Dataset entries
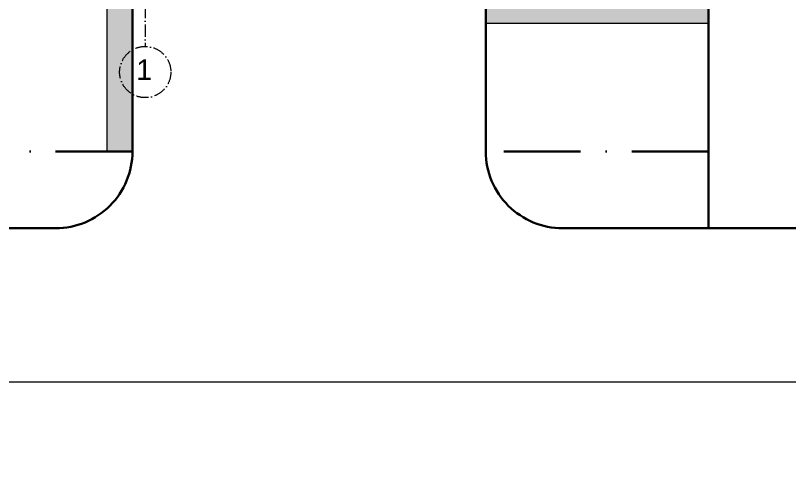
# Model space of a CAD drawing. Header units: millimetres. Extents: x 1353783 to 6492029790, y -7276956 to -512500.
# Drawn here: x 9990706 to 9993729, y -2823107 to -2821271 of the extents above; entities that cross this region are included whole.
import ezdxf

# ---------------------------------------------------------------- set-up
doc = ezdxf.new("R2010")
doc.units = ezdxf.units.MM
for name, pattern in [('482 Границы районов', [5, 3, -1, 0, -1]), ('ACAD_ISO10W100', [18, 12, -3, 0, -3]), ('осевая', [50.8, 31.75, -6.35, 6.35, -6.35])]:
    doc.linetypes.add(name, pattern=pattern)
doc.layers.get('0').update_dxf_attribs({"lineweight": 5})
doc.layers.get('Defpoints').update_dxf_attribs({"color": 255})
for name, color, linetype, lineweight in [('ГП-Граница учасика ИЖС', 3, 'Continuous', 5), ('ГП-Тратуар', 3, 'Continuous', 5), ('оси', 231, 'осевая', 9)]:
    doc.layers.add(name, color=color, linetype=linetype, lineweight=lineweight)
doc.layers.add('Заливка', color=7, linetype='Continuous')
doc.styles.add('GOST Common', font='', dxfattribs={"height": 3})
doc.styles.get('GOST Common').set_extended_font_data('GOST Common')

# ---------------------------------------------------------------- blocks, each defined once
blk = doc.blocks.new('амвамвам')
at = {"lineweight": 30, "ltscale": 100, "true_color": 0x939598}
h = blk.add_hatch(color=252, dxfattribs=at)
h.dxf.hatch_style = 1
h.paths.add_polyline_path([(9923280, -3510392), (9923280, -3510892), (9918930, -3510892), (9918930, -3510392)], flags=17)
h.paths.add_polyline_path([(9926080, -3510392), (9926080, -3510892), (9937530, -3510892), (9937530, -3495992), (9912030, -3495992), (9911530, -3495992), (9911530, -3513392), (9912030, -3513392), (9912030, -3496492), (9937030, -3496492), (9937030, -3510392)])
at = {"color": 251, "lineweight": 15, "ltscale": 100, "true_color": 0x636466}
for points in [[(9926080, -3510392), (9926080, -3510892), (9937530, -3510892), (9937530, -3495992), (9912030, -3495992), (9911530, -3495992), (9911530, -3513392), (9912030, -3513392), (9912030, -3496492), (9937030, -3496492), (9937030, -3510392)], [(9923280, -3510392), (9923280, -3510892), (9918930, -3510892), (9918930, -3510392)]]:
    blk.add_lwpolyline(points, close=True, dxfattribs=at)
blk = doc.blocks.new('ТИП-3')
at = {"layer": 'оси', "color": 251, "linetype": 'ACAD_ISO10W100', "lineweight": 13, "ltscale": 20, "true_color": 0x636466}
blk.add_line((10363214, -2868431), (10363214, -2883281), dxfattribs=at)
blk.add_circle((10363214, -2883781), 500, dxfattribs=at)
at = {"layer": 'оси', "color": 251, "linetype": 'ACAD_ISO10W100', "lineweight": 13, "ltscale": 20, "true_color": 0x636466, "insert": (10363194, -2883535), "char_height": 400, "width": 158.4, "attachment_point": 2, "line_spacing_factor": 1.016949, "style": 'GOST Common'}
blk.add_mtext('{\\fArial|b0|i0|c204|p34;1}', dxfattribs=at)

msp = doc.modelspace()

# ---------------------------------------------------------------- hatches: boundary and pattern name
at = {"layer": 'Заливка', "lineweight": 13, "ltscale": 100}
h = msp.add_hatch(dxfattribs=at)
h.set_pattern_fill('ANSI31', color=5, scale=500)
h.set_pattern_definition([(45, (298297.6, 0), (-1122.53202, 1122.53202), [])])
edge = h.paths.add_edge_path()
edge.add_line((9993521.7, -2792997.2), (9997384.3, -2799850.2))
edge.add_arc((9991112, -2803385.5), 7200, 1.90921, 29.40719, ccw=False)
edge.add_line((9998308, -2803145.6), (9998562.4, -2810751.7))
edge.add_line((9998562.4, -2810751.7), (9998562.4, -2843655.4))
edge.add_arc((9991344.8, -2843654.6), 7217.6, 354.3683, 359.99312, ccw=False)
edge.add_line((9998527.5, -2844362.8), (9997354.7, -2855583.7))
edge.add_arc((9998546.4, -2855726.4), 1200.2, 173.1727, 265.2807)
edge.add_line((9998447.7, -2856922.5), (10009648, -2857846.4))
edge.add_arc((10009745.7, -2856650.3), 1200.1, 265.3316, 378.4962)
edge.add_line((10010883.8, -2856269.6), (10004063.5, -2835875.3))
edge.add_arc((10009188.6, -2833879.5), 5500, 181.1082, 201.2773, ccw=False)
edge.add_line((10003689.7, -2833985.8), (10002920.7, -2794236.1))
edge.add_arc((10001720.9, -2794259.3), 1200, 1.1082, 75.4144)
edge.add_line((10002023.1, -2793097.9), (10001343, -2792921))
edge.add_line((10001343, -2792921), (9994867.6, -2791246.2))
edge.add_arc((9994567.1, -2792408), 1200, 75.4992, 209.4072)

# ---------------------------------------------------------------- linework, layer by layer
at = {"layer": 'Defpoints', "lineweight": 0, "ltscale": 100}
msp.add_lwpolyline([(9958662, -2822701.4), (9997962.4, -2822701.4)], dxfattribs=at)
at = {"layer": 'ГП-Граница учасика ИЖС', "color": 251, "lineweight": 30, "ltscale": 100}
for points in [[(9992542.4, -2813201.7), (9992542.4, -2812601.7, -0.414214), (9992842.4, -2812301.7), (9996362.4, -2812301.7, -0.414214), (9997362.4, -2813301.7), (9997362.4, -2821101.7, -0.414214), (9996362.4, -2822101.7), (9992842.4, -2822101.7, -0.414214), (9992542.4, -2821801.7), (9992542.4, -2821201.6)], [(9991162.4, -2821201.7), (9991162.4, -2821801.7, -0.414214), (9990862.4, -2822101.7), (9990262.4, -2822101.7, -0.414214), (9989962.4, -2821801.7), (9989962.4, -2821201.7)]]:
    msp.add_lwpolyline(points, format="xyb", dxfattribs=at)
at = {"layer": 'ГП-Граница учасика ИЖС', "color": 94, "linetype": '482 Границы районов', "lineweight": 30, "ltscale": 100}
for points in [[(9991162.4, -2821801.7), (9990562.4, -2821801.7), (9990562.4, -2816901.7), (9997062.4, -2816901.7), (9997062.4, -2821801.7), (9993972.4, -2821801.7)], [(9993412.4, -2821801.7), (9992542.4, -2821801.7)]]:
    msp.add_lwpolyline(points, dxfattribs=at)
at = {"layer": 'ГП-Граница учасика ИЖС', "color": 251, "lineweight": 30, "ltscale": 100}
msp.add_lwpolyline([(9993412.4, -2822101.7), (9993412.4, -2821201.6), (9992542.4, -2821201.6)], dxfattribs=at)

# ---------------------------------------------------------------- block references
at = {"color": 1, "lineweight": 30, "xscale": 0.1999999999999998, "yscale": 0.1999999999999998, "zscale": 0.1999999999999998, "rotation": 359.9999889757423}
msp.add_blockref('амвамвам', (8008756.4, -2119122.9), dxfattribs=at)
at = {"layer": 'ГП-Тратуар', "color": 3, "lineweight": 30, "xscale": 0.1999999999999998, "yscale": 0.1999999999999998, "zscale": 0.1999999999999998, "rotation": 359.9999889757423}
msp.add_blockref('ТИП-3', (7918569.6, -2244735.1), dxfattribs=at)

doc.saveas('drawing.dxf')
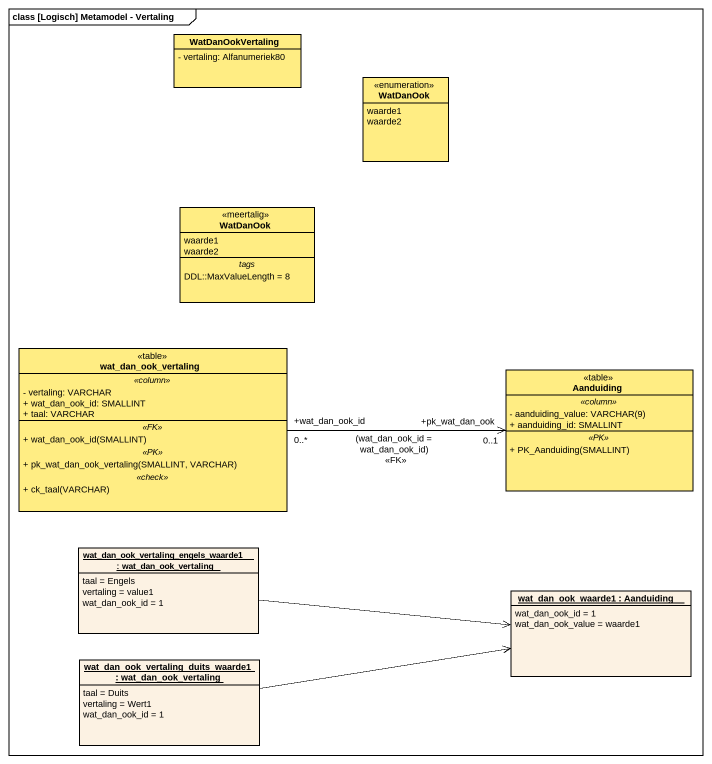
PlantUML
@startuml
mainframe class [Logisch] Metamodel - Vertaling
hide circle
hide empty members
skinparam classAttributeIconSize 0
class WatDanOokVertaling #FFED83 {
  - vertaling: Alfanumeriek80
}
enum WatDanOok #FFED83 {
  waarde1
  waarde2
}
enum "WatDanOok" as WatDanOok_2 <<meertalig>> #FFED83 {
  waarde1
  waarde2
  -- tags --
  DDL::MaxValueLength = 8
}
class wat_dan_ook_vertaling <<table>> #FFED83 {
  .. <<column>> ..
  - vertaling: VARCHAR
  + wat_dan_ook_id: SMALLINT
  + taal: VARCHAR
  .. <<FK>> ..
  + wat_dan_ook_id(SMALLINT)
  .. <<PK>> ..
  + pk_wat_dan_ook_vertaling(SMALLINT, VARCHAR)
  .. <<check>> ..
  + ck_taal(VARCHAR)
}
class Aanduiding <<table>> #FFED83 {
  .. <<column>> ..
  {field} - aanduiding_value: VARCHAR(9)
  + aanduiding_id: SMALLINT
  .. <<PK>> ..
  + PK_Aanduiding(SMALLINT)
}
object "wat_dan_ook_vertaling_engels_waarde1 : wat_dan_ook_vertaling" as wat_dan_ook_vertaling_2 {
  taal = Engels
  vertaling = value1
  wat_dan_ook_id = 1
}
object "wat_dan_ook_waarde1 : Aanduiding" as wat_dan_ook_waarde1 {
  wat_dan_ook_id = 1
  wat_dan_ook_value = waarde1
}
object "wat_dan_ook_vertaling_duits_waarde1 : wat_dan_ook_vertaling" as wat_dan_ook_vertaling_duits {
  taal = Duits
  vertaling = Wert1
  wat_dan_ook_id = 1
}
wat_dan_ook_vertaling "+wat_dan_ook_id\n0..*" -right-> "+pk_wat_dan_ook\n0..1" Aanduiding : (wat_dan_ook_id = wat_dan_ook_id)\n<<FK>>
wat_dan_ook_vertaling_2 -right-> wat_dan_ook_waarde1
wat_dan_ook_vertaling_duits -right-> wat_dan_ook_waarde1
@enduml
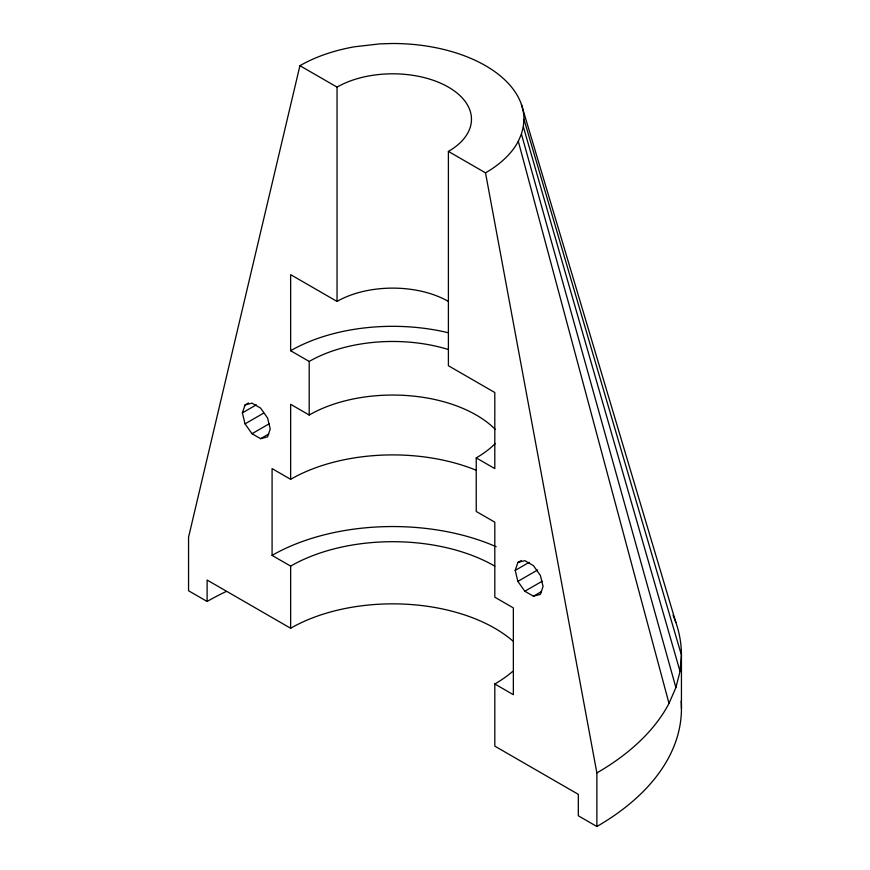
<?xml version="1.0" encoding="UTF-8"?>
<svg xmlns="http://www.w3.org/2000/svg" width="870" height="870" viewBox="0 0 870 870"><rect width="100%" height="100%" fill="white"/><g stroke="black" fill="none" stroke-linecap="round" stroke-linejoin="round"><path stroke-width="1.3" d="M512.745 671.357A144.366 83.346 0 0 1 494.802 683.983L494.802 746.134L578.322 794.353L578.322 815.788L596.874 826.5L596.874 772.919L485.514 172.847A131.239 75.766 0 0 0 518.303 141.266L521.434 134.056L523.327 126.694L523.957 119.266A131.239 75.766 0 0 0 392.718 43.5L379.853 43.87L354.623 46.762A131.239 75.766 0 0 0 299.922 65.696L188.562 537.181L188.562 590.763L207.114 601.475A262.479 151.543 0 0 1 226.2 591.491M596.874 772.919A288.72 166.692 0 0 0 669.008 703.438L675.892 687.572L680.046 671.39L681.438 655.056A288.72 166.692 0 0 0 673.054 615.155M245.035 404.963L251.995 403.147L260.608 408.117L267.568 417.97L270.222 428.953L267.568 436.87L260.608 438.687L251.995 433.717L245.035 423.864L242.382 412.88L245.035 404.963L248.516 402.962M517.867 562.488L524.827 560.661L533.43 565.63L540.39 575.483L543.054 586.467L540.39 594.384L533.43 596.2L524.827 591.241L517.867 581.377L515.214 570.394L517.867 562.488L521.347 560.476M242.382 412.88L256.302 404.844M245.035 423.864L263.599 413.141M251.995 433.717L269.395 423.668M260.608 438.687L268.721 433.999M515.214 570.394L529.134 562.357M517.867 581.377L537.595 569.991M524.827 591.241L542.227 581.193M533.43 596.2L541.553 591.513M299.922 65.696L337.038 87.12A78.746 45.457 0 0 1 448.398 87.12A78.746 45.457 0 0 1 448.398 151.413L448.398 365.726L494.802 392.522L494.802 468.604L476.238 457.881A118.113 68.197 0 0 0 495.28 443.482M448.398 151.413L485.514 172.847M448.398 301.433A78.746 45.457 0 0 0 337.038 301.433L290.634 274.648L290.634 350.73L309.198 361.441A118.113 68.197 0 0 1 448.398 349.522M495.28 429.421A118.113 68.197 0 0 0 309.198 415.023L290.634 404.311L290.634 479.316A144.366 83.346 0 0 1 476.423 470.344M290.634 479.316L272.082 468.604L272.082 555.397L290.634 566.109A144.366 83.346 0 0 1 494.802 566.109M494.802 683.983L513.354 694.695L513.354 607.902L494.802 597.19L494.802 522.174L476.238 511.462L476.238 457.881M512.745 640.896A144.366 83.346 0 0 0 290.634 628.26L207.114 580.04L207.114 601.475M521.434 104.487L675.892 622.529M523.957 119.266L681.438 655.056L681.438 708.626M523.327 126.694L680.046 671.39M521.434 134.056L675.892 687.572M518.303 141.266L669.008 703.438M337.038 87.12L337.038 301.433M309.198 361.441L309.198 415.023M290.634 566.109L290.634 628.26M681.145 701.079A288.72 166.692 0 0 1 596.874 826.5M272.082 555.397A170.607 98.506 0 0 1 496.172 546.73M290.634 350.73A144.366 83.346 0 0 1 447.963 332.666"/></g></svg>

- _REQUIRED ACTION_:
Copy each line above where the string "GOST" occurs.

- _TASK OUTPUT_:
doc.styles.add('GOST Common', font='', dxfattribs={"height": 3})
doc.styles.get('GOST Common').set_extended_font_data('GOST Common')
at = {"layer": 'оси', "color": 251, "linetype": 'ACAD_ISO10W100', "lineweight": 13, "ltscale": 20, "true_color": 0x636466, "insert": (10363194, -2883535), "char_height": 400, "width": 158.4, "attachment_point": 2, "line_spacing_factor": 1.016949, "style": 'GOST Common'}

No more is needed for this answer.